Try it
All of the records below need to be written out exactly, but without the pictures.

Data to process
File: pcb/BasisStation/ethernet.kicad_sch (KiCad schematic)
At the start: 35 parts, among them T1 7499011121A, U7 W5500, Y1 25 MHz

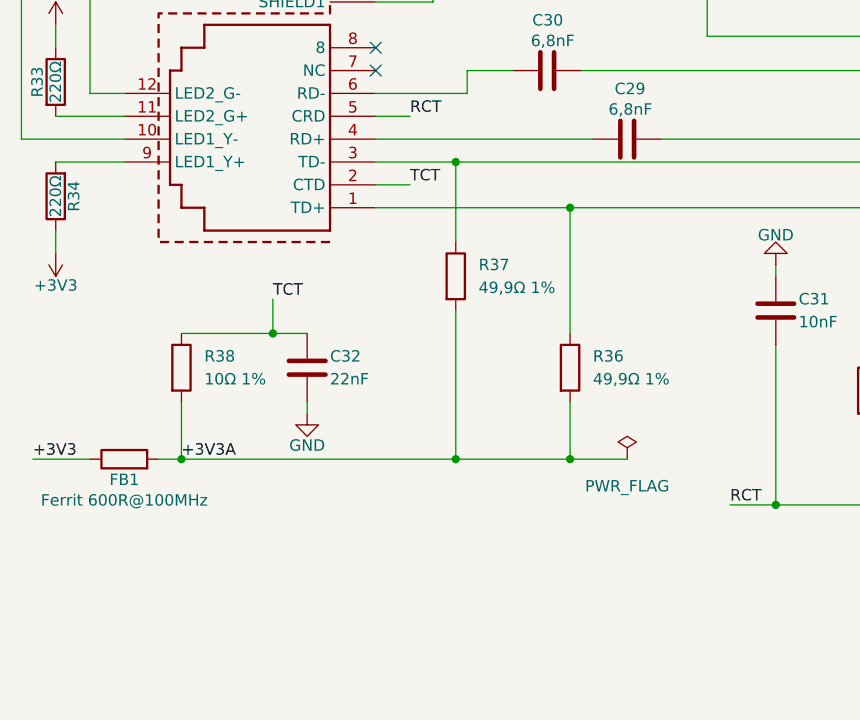
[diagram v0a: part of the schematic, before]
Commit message: v0.00.001 fix(SHBS-5): Footprints ergaenzt, drawio-Diagramm gestrichen
Die BOM-Auswertung zeigte 13 Kondensatoren ohne Footprint - C16 bis C28.
Ohne Footprint landen sie beim Uebertragen der Netzliste nicht auf dem
Board. Alle auf Capacitor_SMD:C_0805_2012Metric gesetzt, ausser C28: Der
bekommt wegen der 2 kV vorlaeufig 1206, endgueltig nach Auswahl des Typs.
Damit tragen alle 35 Bauteile des Ethernet-Blatts einen Footprint.

Das drawio-Architekturdiagramm wurde gestrichen. Es lag in drei Dateien
vor, war an vier Stellen veraltet - +24V, USB-UART-Bridge, JTAG-Header
und fehlendes Ethernet - und duplizierte das Textdiagramm in
architecture.md, das versioniert und im Diff sichtbar ist. Der Verweis in
hardware.md zeigt jetzt dorthin.

Co-Authored-By: Claude Opus 5 <noreply@anthropic.com>
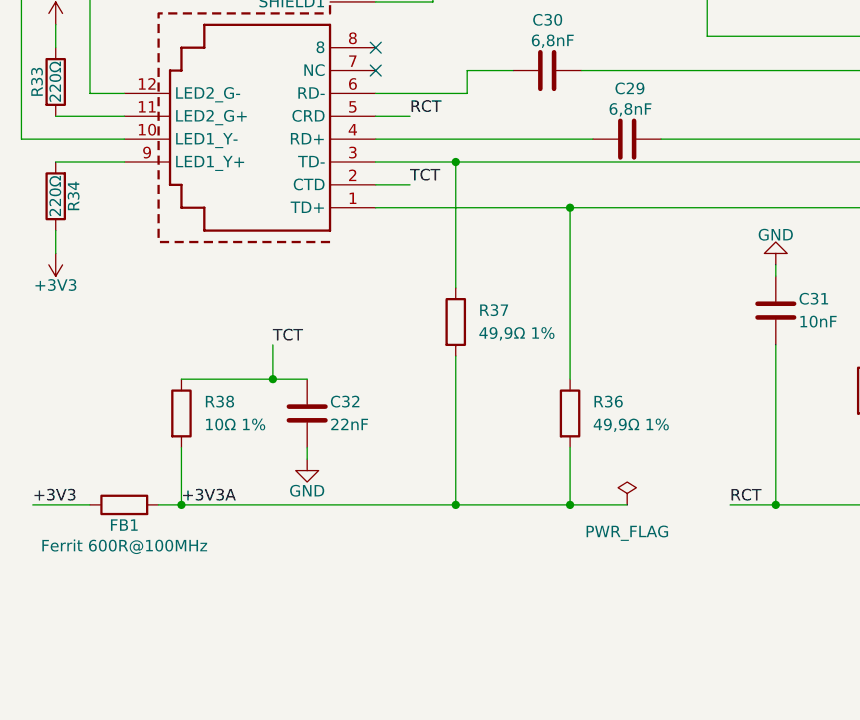
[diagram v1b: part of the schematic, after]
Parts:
- C16, C17, C18, C19, C20, C21, C22, C23, C24, C25, C26, C27: footprint (none) -> Capacitor_SMD:C_0805_2012Metric
- C28: footprint (none) -> Capacitor_SMD:C_1206_3216Metric
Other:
- moved on the sheet: C32, FB1, R36, R37, R38
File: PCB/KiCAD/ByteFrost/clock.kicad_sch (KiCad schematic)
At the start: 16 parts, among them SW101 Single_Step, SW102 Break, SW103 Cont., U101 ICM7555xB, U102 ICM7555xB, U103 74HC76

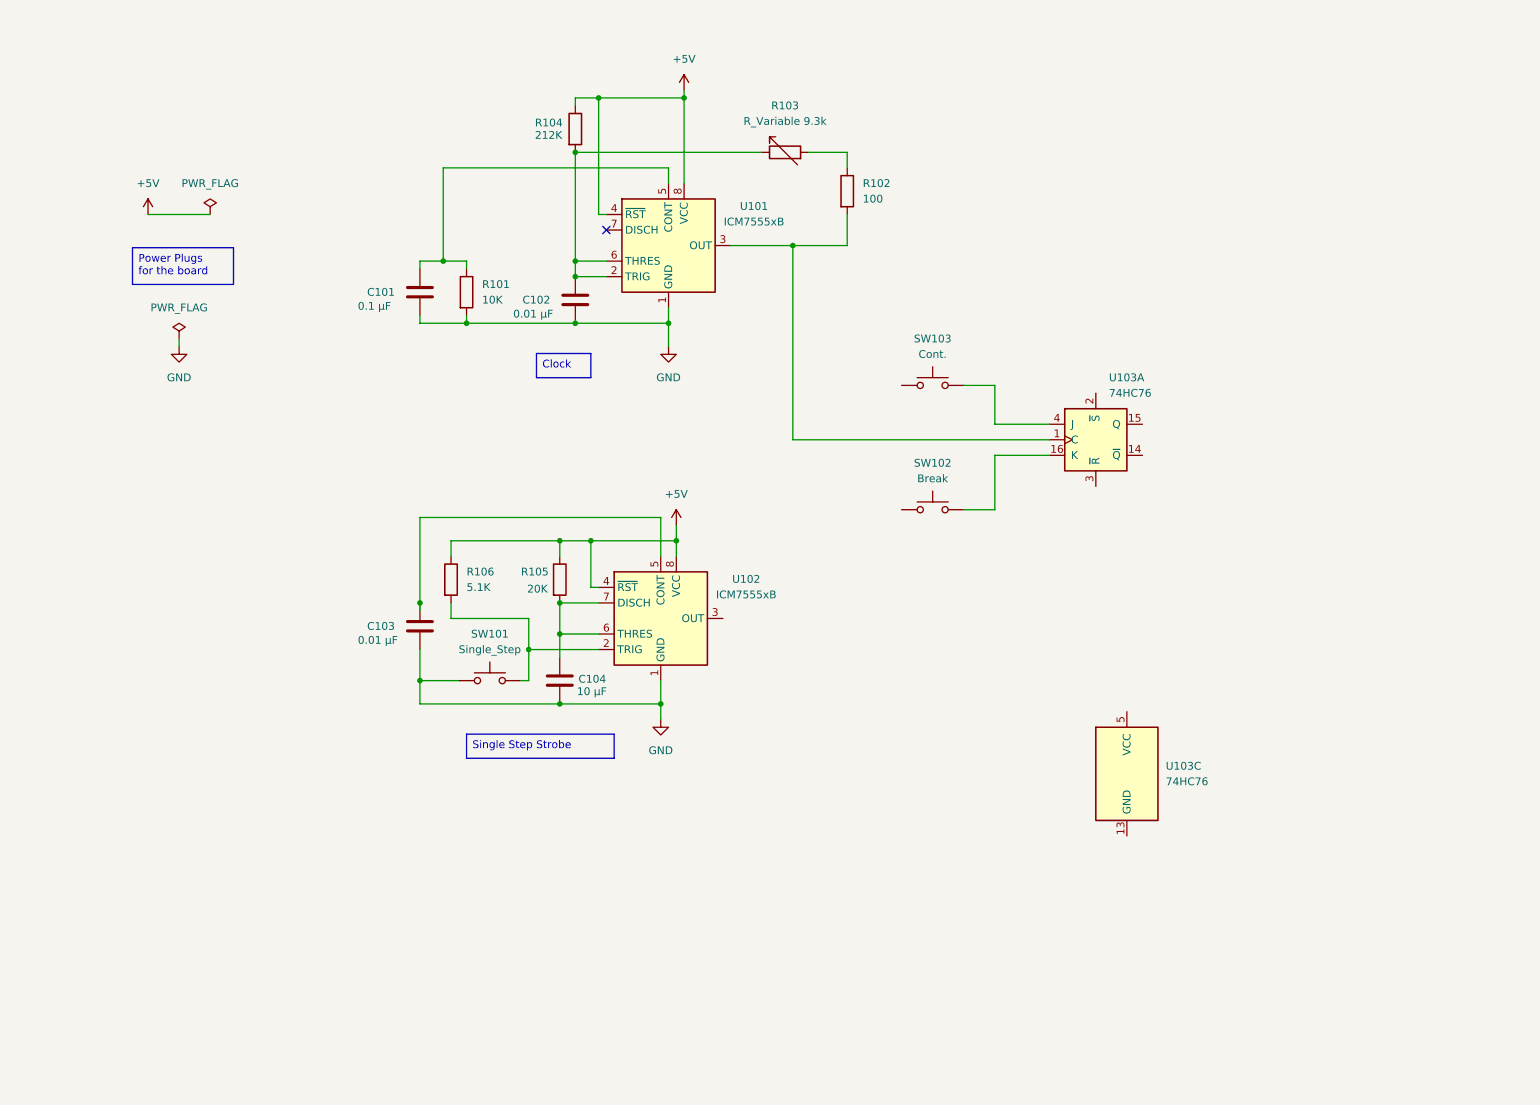
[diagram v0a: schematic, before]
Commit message: Finish KiCAD Clock and Reset
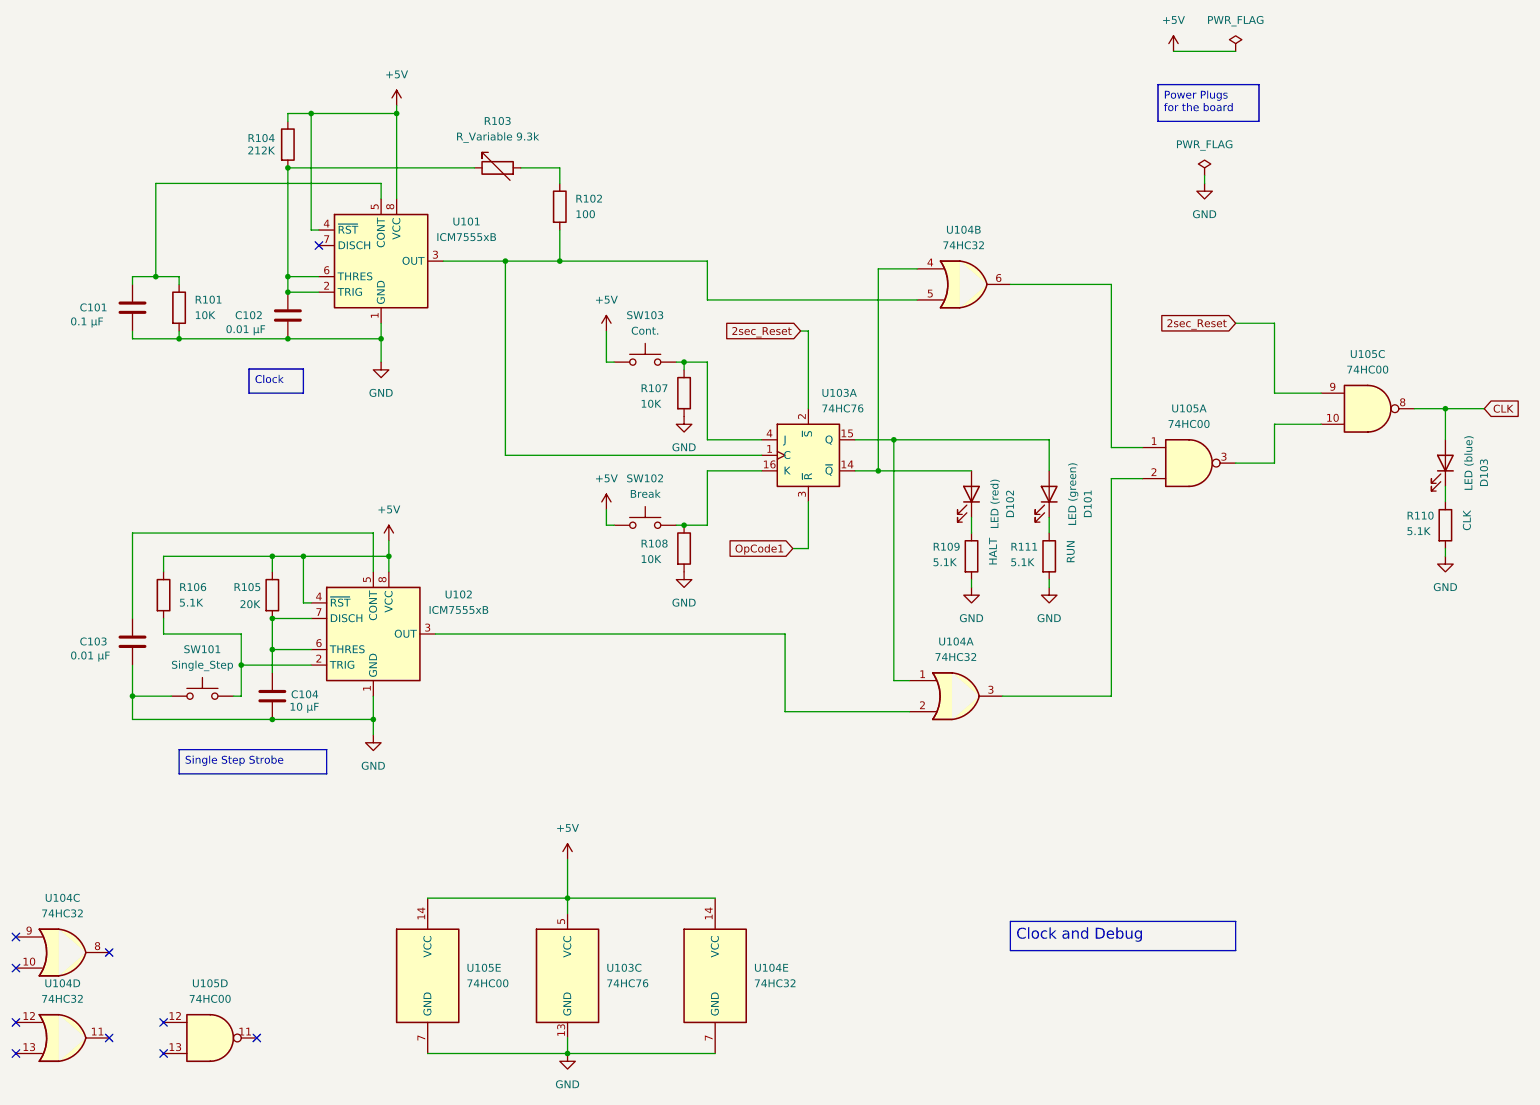
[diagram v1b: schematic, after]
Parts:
- added D101: LED (green), LED_THT:LED_D5.0mm, symbol Device:LED
- added D102: LED (red), LED_THT:LED_D5.0mm, symbol Device:LED
- added D103: LED (blue), LED_THT:LED_D5.0mm, symbol Device:LED
- added R107, R108: 10K, Resistor_THT:R_Axial_DIN0207_L6.3mm_D2.5mm_P10.16mm_Horizontal, symbol Device:R
- added R109, R110, R111: 5.1K, Resistor_THT:R_Axial_DIN0207_L6.3mm_D2.5mm_P10.16mm_Horizontal, symbol Device:R
- added U104: 74HC32, Package_DIP:DIP-14_W7.62mm_Socket, symbol 74xx:74LS32
- added U105: 74HC00, Package_DIP:DIP-14_W7.62mm_Socket, symbol 74xx:74HC00
- R101, R102, R104, R105, R106: footprint (none) -> Resistor_THT:R_Axial_DIN0207_L6.3mm_D2.5mm_P10.16mm_Horizontal
- SW101, SW102, SW103: footprint (none) -> Button_Switch_THT:SW_PUSH_6mm_H7.3mm
- U103: footprint (none) -> Package_DIP:DIP-16_W7.62mm_Socket
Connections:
- net +5V: now also SW102.1, SW103.1, U103.5 (VCC), U104.14 (VCC), U105.14 (VCC)
- net GND: now also U103.13 (GND), R107.2, R108.2, R109.2, R110.2, R111.2, U104.7 (GND), U105.7 (GND)
- net at R102.2, U101.3 (OUT), U103.1 (C): now also U104.5
- net at U103.14 (~{Q}): now also D102.2 (A), U104.4
- net at U103.15 (Q): now also D101.2 (A), U104.1
- net at SW102.2, U103.16 (K): now also R108.1
- net 2sec_Reset: now reaches U103.2 (~{S})
- net 2sec_Reset: now also U105.9
- net OpCode1: now reaches U103.3 (~{R})
- net at SW103.2, U103.4 (J): now also R107.1
- net at U102.3 (OUT): now also U104.2
- new net: U104.3, U105.2
- new net: D102.1 (K), R109.1
- new net: U105.10, U105.3
- new net: U104.6, U105.1
- new net: D103.1 (K), R110.1
- new net: D101.1 (K), R111.1
- new net CLK: D103.2 (A), U105.8
- no-connect marks 1 -> 10
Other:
- moved on the sheet: C101, C102, C103, C104, R101, R102, R103, R104, R105, R106, SW101, SW102

Solved exercise
File: pcb/BasisStation/ethernet.kicad_sch (KiCad schematic)
At the start: 35 parts, among them T1 7499011121A, U7 W5500, Y1 25 MHz

[diagram v0a: part of the schematic, before]
Commit message: v0.00.001 fix(SHBS-5): Footprints ergaenzt, drawio-Diagramm gestrichen
Die BOM-Auswertung zeigte 13 Kondensatoren ohne Footprint - C16 bis C28.
Ohne Footprint landen sie beim Uebertragen der Netzliste nicht auf dem
Board. Alle auf Capacitor_SMD:C_0805_2012Metric gesetzt, ausser C28: Der
bekommt wegen der 2 kV vorlaeufig 1206, endgueltig nach Auswahl des Typs.
Damit tragen alle 35 Bauteile des Ethernet-Blatts einen Footprint.

Das drawio-Architekturdiagramm wurde gestrichen. Es lag in drei Dateien
vor, war an vier Stellen veraltet - +24V, USB-UART-Bridge, JTAG-Header
und fehlendes Ethernet - und duplizierte das Textdiagramm in
architecture.md, das versioniert und im Diff sichtbar ist. Der Verweis in
hardware.md zeigt jetzt dorthin.

Co-Authored-By: Claude Opus 5 <noreply@anthropic.com>
[diagram v1b: part of the schematic, after]
Parts:
- C16, C17, C18, C19, C20, C21, C22, C23, C24, C25, C26, C27: footprint (none) -> Capacitor_SMD:C_0805_2012Metric
- C28: footprint (none) -> Capacitor_SMD:C_1206_3216Metric
Other:
- moved on the sheet: C32, FB1, R36, R37, R38
File: PCB/KiCAD/ByteFrost/clock.kicad_sch (KiCad schematic)
At the start: 16 parts, among them SW101 Single_Step, SW102 Break, SW103 Cont., U101 ICM7555xB, U102 ICM7555xB, U103 74HC76

[diagram v0a: schematic, before]
Commit message: Finish KiCAD Clock and Reset
[diagram v1b: schematic, after]
Parts:
- added D101: LED (green), LED_THT:LED_D5.0mm, symbol Device:LED
- added D102: LED (red), LED_THT:LED_D5.0mm, symbol Device:LED
- added D103: LED (blue), LED_THT:LED_D5.0mm, symbol Device:LED
- added R107, R108: 10K, Resistor_THT:R_Axial_DIN0207_L6.3mm_D2.5mm_P10.16mm_Horizontal, symbol Device:R
- added R109, R110, R111: 5.1K, Resistor_THT:R_Axial_DIN0207_L6.3mm_D2.5mm_P10.16mm_Horizontal, symbol Device:R
- added U104: 74HC32, Package_DIP:DIP-14_W7.62mm_Socket, symbol 74xx:74LS32
- added U105: 74HC00, Package_DIP:DIP-14_W7.62mm_Socket, symbol 74xx:74HC00
- R101, R102, R104, R105, R106: footprint (none) -> Resistor_THT:R_Axial_DIN0207_L6.3mm_D2.5mm_P10.16mm_Horizontal
- SW101, SW102, SW103: footprint (none) -> Button_Switch_THT:SW_PUSH_6mm_H7.3mm
- U103: footprint (none) -> Package_DIP:DIP-16_W7.62mm_Socket
Connections:
- net +5V: now also SW102.1, SW103.1, U103.5 (VCC), U104.14 (VCC), U105.14 (VCC)
- net GND: now also U103.13 (GND), R107.2, R108.2, R109.2, R110.2, R111.2, U104.7 (GND), U105.7 (GND)
- net at R102.2, U101.3 (OUT), U103.1 (C): now also U104.5
- net at U103.14 (~{Q}): now also D102.2 (A), U104.4
- net at U103.15 (Q): now also D101.2 (A), U104.1
- net at SW102.2, U103.16 (K): now also R108.1
- net 2sec_Reset: now reaches U103.2 (~{S})
- net 2sec_Reset: now also U105.9
- net OpCode1: now reaches U103.3 (~{R})
- net at SW103.2, U103.4 (J): now also R107.1
- net at U102.3 (OUT): now also U104.2
- new net: U104.3, U105.2
- new net: D102.1 (K), R109.1
- new net: U105.10, U105.3
- new net: U104.6, U105.1
- new net: D103.1 (K), R110.1
- new net: D101.1 (K), R111.1
- new net CLK: D103.2 (A), U105.8
- no-connect marks 1 -> 10
Other:
- moved on the sheet: C101, C102, C103, C104, R101, R102, R103, R104, R105, R106, SW101, SW102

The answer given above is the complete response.